Available records
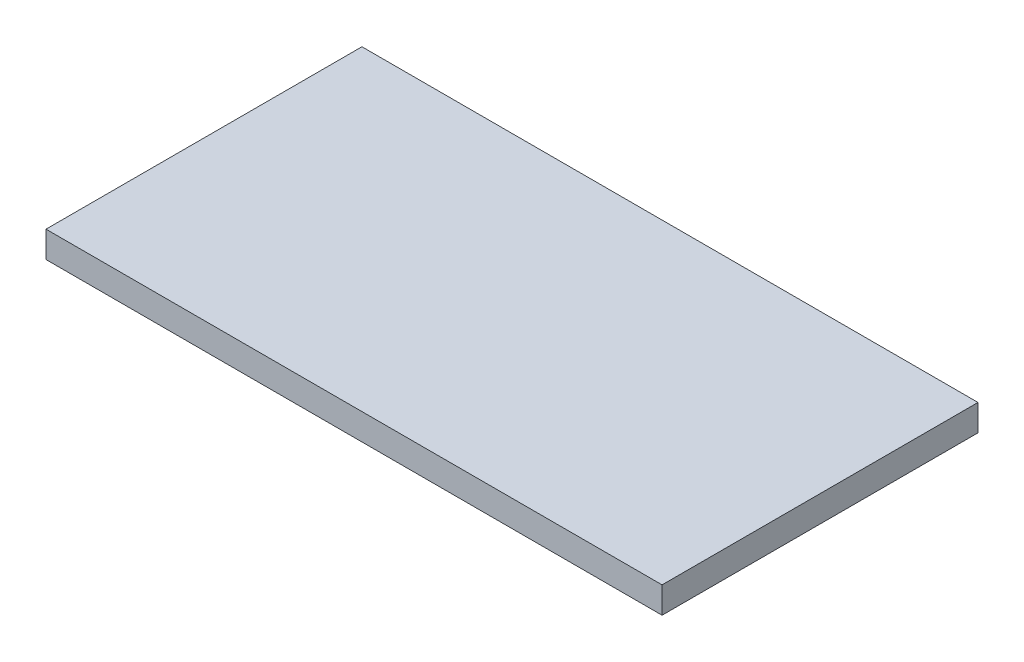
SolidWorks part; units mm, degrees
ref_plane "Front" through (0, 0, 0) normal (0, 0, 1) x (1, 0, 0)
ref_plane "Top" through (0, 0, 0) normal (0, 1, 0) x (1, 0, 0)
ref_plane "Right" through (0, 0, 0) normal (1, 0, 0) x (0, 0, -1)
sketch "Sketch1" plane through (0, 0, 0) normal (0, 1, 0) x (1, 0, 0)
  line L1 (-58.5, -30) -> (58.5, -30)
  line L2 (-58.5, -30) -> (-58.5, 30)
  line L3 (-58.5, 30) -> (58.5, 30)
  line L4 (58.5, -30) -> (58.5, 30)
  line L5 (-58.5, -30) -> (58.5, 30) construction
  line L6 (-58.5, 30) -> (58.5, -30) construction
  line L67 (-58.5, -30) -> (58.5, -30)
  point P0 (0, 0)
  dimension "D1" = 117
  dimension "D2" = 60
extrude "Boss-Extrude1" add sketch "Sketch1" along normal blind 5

Problem statement
For the string "sketch", return every line of the data where it appears.

Exercise response
sketch "Sketch1" plane through (0, 0, 0) normal (0, 1, 0) x (1, 0, 0)
extrude "Boss-Extrude1" add sketch "Sketch1" along normal blind 5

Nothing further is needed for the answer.